**Task instructions:** Although pictures appear in the data, the answer should contain only the lines from its start through the line with "#7=PRODUCT_DEFINITION_CONTEXT('part definition',#1,'design');", written out exactly.
=== Task data ===
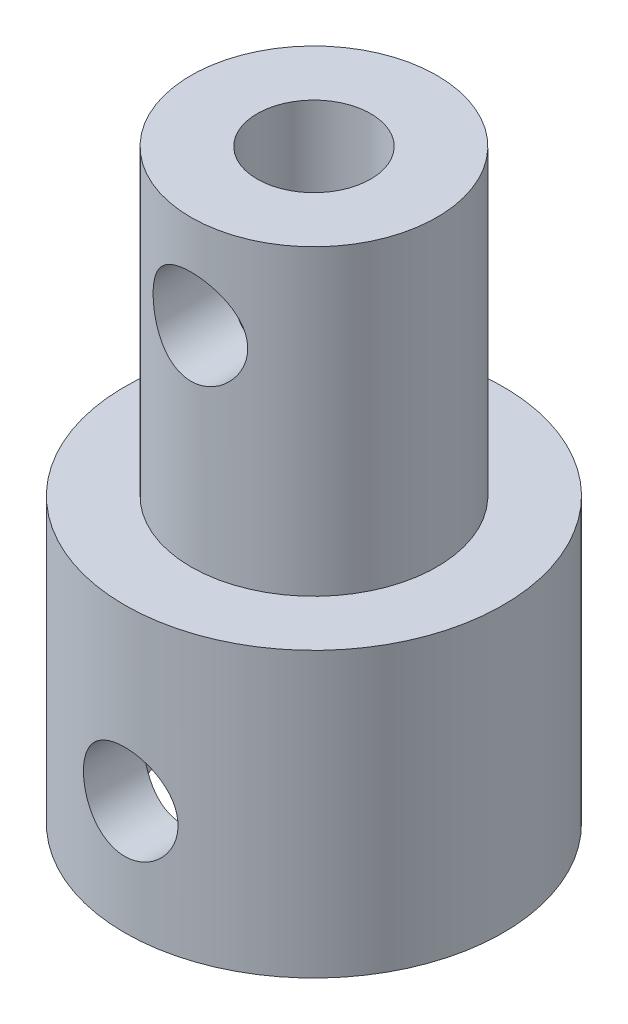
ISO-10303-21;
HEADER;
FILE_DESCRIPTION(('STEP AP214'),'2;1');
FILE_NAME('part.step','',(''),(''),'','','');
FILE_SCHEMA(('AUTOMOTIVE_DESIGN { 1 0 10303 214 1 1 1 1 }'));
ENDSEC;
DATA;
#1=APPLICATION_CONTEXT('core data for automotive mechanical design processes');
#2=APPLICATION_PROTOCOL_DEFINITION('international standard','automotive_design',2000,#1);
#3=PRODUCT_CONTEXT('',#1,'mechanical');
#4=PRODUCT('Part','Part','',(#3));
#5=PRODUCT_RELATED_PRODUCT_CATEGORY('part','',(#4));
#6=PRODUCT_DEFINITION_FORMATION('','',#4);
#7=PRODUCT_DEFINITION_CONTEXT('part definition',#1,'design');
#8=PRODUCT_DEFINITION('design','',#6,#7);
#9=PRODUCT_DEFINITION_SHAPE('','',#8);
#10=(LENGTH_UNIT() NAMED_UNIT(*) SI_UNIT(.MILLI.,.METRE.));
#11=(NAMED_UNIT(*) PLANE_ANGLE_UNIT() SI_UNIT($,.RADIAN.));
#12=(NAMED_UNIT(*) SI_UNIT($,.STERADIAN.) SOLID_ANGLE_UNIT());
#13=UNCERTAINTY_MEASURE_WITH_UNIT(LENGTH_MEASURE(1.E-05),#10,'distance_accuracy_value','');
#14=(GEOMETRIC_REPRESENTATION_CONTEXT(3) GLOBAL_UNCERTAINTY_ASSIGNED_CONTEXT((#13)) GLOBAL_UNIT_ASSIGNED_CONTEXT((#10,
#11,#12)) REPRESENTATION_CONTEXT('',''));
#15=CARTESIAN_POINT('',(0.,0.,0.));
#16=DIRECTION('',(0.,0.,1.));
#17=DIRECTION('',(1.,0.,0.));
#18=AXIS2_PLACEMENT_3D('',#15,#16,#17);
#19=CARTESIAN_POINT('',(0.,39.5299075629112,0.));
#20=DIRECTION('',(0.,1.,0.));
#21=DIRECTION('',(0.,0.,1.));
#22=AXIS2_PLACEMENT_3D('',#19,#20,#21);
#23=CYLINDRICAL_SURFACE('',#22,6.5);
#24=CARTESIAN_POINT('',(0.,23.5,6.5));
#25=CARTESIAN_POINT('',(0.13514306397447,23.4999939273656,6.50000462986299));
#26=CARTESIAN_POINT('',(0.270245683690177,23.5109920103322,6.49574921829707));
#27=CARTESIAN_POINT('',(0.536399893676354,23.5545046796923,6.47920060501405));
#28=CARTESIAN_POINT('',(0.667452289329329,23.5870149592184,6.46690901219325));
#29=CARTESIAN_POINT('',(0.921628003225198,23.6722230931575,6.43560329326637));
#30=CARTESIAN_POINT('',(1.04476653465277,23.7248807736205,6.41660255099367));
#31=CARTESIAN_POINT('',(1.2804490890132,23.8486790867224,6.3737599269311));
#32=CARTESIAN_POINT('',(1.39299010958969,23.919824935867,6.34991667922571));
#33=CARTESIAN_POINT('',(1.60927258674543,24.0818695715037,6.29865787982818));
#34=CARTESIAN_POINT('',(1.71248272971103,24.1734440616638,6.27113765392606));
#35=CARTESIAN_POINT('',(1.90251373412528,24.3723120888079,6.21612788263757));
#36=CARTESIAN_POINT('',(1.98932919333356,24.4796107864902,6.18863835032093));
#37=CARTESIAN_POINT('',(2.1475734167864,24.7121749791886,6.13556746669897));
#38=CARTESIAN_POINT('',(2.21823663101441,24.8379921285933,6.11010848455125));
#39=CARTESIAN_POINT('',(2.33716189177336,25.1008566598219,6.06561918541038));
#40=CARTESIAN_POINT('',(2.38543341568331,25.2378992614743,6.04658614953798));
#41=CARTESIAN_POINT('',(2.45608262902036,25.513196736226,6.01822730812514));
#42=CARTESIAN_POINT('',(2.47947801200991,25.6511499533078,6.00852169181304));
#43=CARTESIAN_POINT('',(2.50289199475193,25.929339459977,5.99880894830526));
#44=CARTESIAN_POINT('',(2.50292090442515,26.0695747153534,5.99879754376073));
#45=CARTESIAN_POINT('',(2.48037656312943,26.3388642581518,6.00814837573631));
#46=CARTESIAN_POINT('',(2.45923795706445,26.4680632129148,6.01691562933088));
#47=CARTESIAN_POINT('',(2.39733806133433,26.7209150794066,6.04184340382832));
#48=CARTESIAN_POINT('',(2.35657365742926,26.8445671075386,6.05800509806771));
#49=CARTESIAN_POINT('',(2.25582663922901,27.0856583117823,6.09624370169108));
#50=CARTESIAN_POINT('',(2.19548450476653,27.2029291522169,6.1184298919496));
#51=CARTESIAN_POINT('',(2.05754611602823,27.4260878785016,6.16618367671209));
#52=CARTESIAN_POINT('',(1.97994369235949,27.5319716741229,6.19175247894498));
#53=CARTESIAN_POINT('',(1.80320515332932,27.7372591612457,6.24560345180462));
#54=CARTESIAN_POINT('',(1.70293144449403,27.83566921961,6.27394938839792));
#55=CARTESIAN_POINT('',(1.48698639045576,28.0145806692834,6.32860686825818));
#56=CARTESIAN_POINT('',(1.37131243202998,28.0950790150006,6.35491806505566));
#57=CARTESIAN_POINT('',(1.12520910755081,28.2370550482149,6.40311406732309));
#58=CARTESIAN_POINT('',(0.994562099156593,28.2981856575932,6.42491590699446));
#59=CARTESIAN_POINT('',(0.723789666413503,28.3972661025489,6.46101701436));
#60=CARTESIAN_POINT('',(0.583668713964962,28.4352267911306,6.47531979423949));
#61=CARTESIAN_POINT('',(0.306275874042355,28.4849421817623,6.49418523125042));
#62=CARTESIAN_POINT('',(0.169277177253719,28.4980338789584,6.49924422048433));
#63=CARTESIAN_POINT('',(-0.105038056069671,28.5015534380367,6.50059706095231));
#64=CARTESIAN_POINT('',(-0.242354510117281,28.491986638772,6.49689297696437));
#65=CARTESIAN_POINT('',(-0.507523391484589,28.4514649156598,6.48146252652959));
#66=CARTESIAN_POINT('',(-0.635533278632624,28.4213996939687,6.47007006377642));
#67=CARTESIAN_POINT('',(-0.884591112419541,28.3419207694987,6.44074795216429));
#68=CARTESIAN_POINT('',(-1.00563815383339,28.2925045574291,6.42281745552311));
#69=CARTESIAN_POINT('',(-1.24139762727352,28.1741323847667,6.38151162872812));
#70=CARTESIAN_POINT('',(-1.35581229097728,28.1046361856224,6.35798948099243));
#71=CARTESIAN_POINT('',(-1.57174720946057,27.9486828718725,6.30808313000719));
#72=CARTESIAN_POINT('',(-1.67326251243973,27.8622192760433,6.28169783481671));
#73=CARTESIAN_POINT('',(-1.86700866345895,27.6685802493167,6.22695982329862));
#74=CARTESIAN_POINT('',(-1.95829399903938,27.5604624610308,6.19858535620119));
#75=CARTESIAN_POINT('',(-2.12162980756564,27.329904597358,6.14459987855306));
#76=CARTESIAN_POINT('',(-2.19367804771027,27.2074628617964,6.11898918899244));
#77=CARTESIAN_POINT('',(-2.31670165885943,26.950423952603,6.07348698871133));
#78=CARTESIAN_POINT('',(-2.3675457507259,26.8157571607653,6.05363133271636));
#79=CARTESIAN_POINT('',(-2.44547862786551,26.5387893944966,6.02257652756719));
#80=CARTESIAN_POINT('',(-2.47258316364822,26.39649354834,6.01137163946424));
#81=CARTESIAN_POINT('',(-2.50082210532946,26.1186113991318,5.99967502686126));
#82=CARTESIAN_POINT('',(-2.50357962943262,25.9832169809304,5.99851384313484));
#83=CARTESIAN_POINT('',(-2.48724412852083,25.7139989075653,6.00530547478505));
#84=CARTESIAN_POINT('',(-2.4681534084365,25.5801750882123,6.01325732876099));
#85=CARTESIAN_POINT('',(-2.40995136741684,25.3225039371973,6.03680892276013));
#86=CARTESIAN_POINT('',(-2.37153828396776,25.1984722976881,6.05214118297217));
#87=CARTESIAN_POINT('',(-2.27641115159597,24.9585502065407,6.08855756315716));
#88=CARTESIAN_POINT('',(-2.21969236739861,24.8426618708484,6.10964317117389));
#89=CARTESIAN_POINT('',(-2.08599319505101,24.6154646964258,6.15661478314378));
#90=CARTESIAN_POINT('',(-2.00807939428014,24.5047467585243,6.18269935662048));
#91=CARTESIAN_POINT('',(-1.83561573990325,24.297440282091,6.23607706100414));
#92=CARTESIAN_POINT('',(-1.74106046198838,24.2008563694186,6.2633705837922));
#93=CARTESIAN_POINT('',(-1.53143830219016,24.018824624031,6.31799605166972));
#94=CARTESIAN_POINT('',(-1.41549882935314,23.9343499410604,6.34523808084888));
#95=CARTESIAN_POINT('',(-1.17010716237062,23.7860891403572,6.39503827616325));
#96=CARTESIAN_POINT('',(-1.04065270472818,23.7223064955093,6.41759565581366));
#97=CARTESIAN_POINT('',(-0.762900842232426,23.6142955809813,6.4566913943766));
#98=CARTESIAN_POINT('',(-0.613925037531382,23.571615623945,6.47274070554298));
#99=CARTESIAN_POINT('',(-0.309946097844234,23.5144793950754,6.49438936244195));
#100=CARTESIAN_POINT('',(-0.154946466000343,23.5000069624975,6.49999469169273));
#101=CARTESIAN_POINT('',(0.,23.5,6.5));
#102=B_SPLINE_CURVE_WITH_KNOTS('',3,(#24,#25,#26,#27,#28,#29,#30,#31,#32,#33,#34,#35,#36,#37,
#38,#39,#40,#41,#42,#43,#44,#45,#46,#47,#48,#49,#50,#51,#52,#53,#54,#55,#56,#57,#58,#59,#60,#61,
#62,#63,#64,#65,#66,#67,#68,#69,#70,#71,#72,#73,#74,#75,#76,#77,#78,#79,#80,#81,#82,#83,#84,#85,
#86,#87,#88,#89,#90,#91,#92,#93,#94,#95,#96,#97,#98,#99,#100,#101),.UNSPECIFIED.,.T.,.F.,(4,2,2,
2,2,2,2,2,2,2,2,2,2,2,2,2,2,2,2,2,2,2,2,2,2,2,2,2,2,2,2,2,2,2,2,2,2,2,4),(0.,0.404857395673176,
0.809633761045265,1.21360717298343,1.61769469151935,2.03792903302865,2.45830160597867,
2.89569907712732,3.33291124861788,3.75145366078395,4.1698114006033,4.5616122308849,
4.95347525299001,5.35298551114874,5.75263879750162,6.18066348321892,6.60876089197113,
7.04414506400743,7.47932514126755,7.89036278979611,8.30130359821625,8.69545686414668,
===
**Result of the exercise:**
ISO-10303-21;
HEADER;
FILE_DESCRIPTION(('STEP AP214'),'2;1');
FILE_NAME('part.step','',(''),(''),'','','');
FILE_SCHEMA(('AUTOMOTIVE_DESIGN { 1 0 10303 214 1 1 1 1 }'));
ENDSEC;
DATA;
#1=APPLICATION_CONTEXT('core data for automotive mechanical design processes');
#2=APPLICATION_PROTOCOL_DEFINITION('international standard','automotive_design',2000,#1);
#3=PRODUCT_CONTEXT('',#1,'mechanical');
#4=PRODUCT('Part','Part','',(#3));
#5=PRODUCT_RELATED_PRODUCT_CATEGORY('part','',(#4));
#6=PRODUCT_DEFINITION_FORMATION('','',#4);
#7=PRODUCT_DEFINITION_CONTEXT('part definition',#1,'design');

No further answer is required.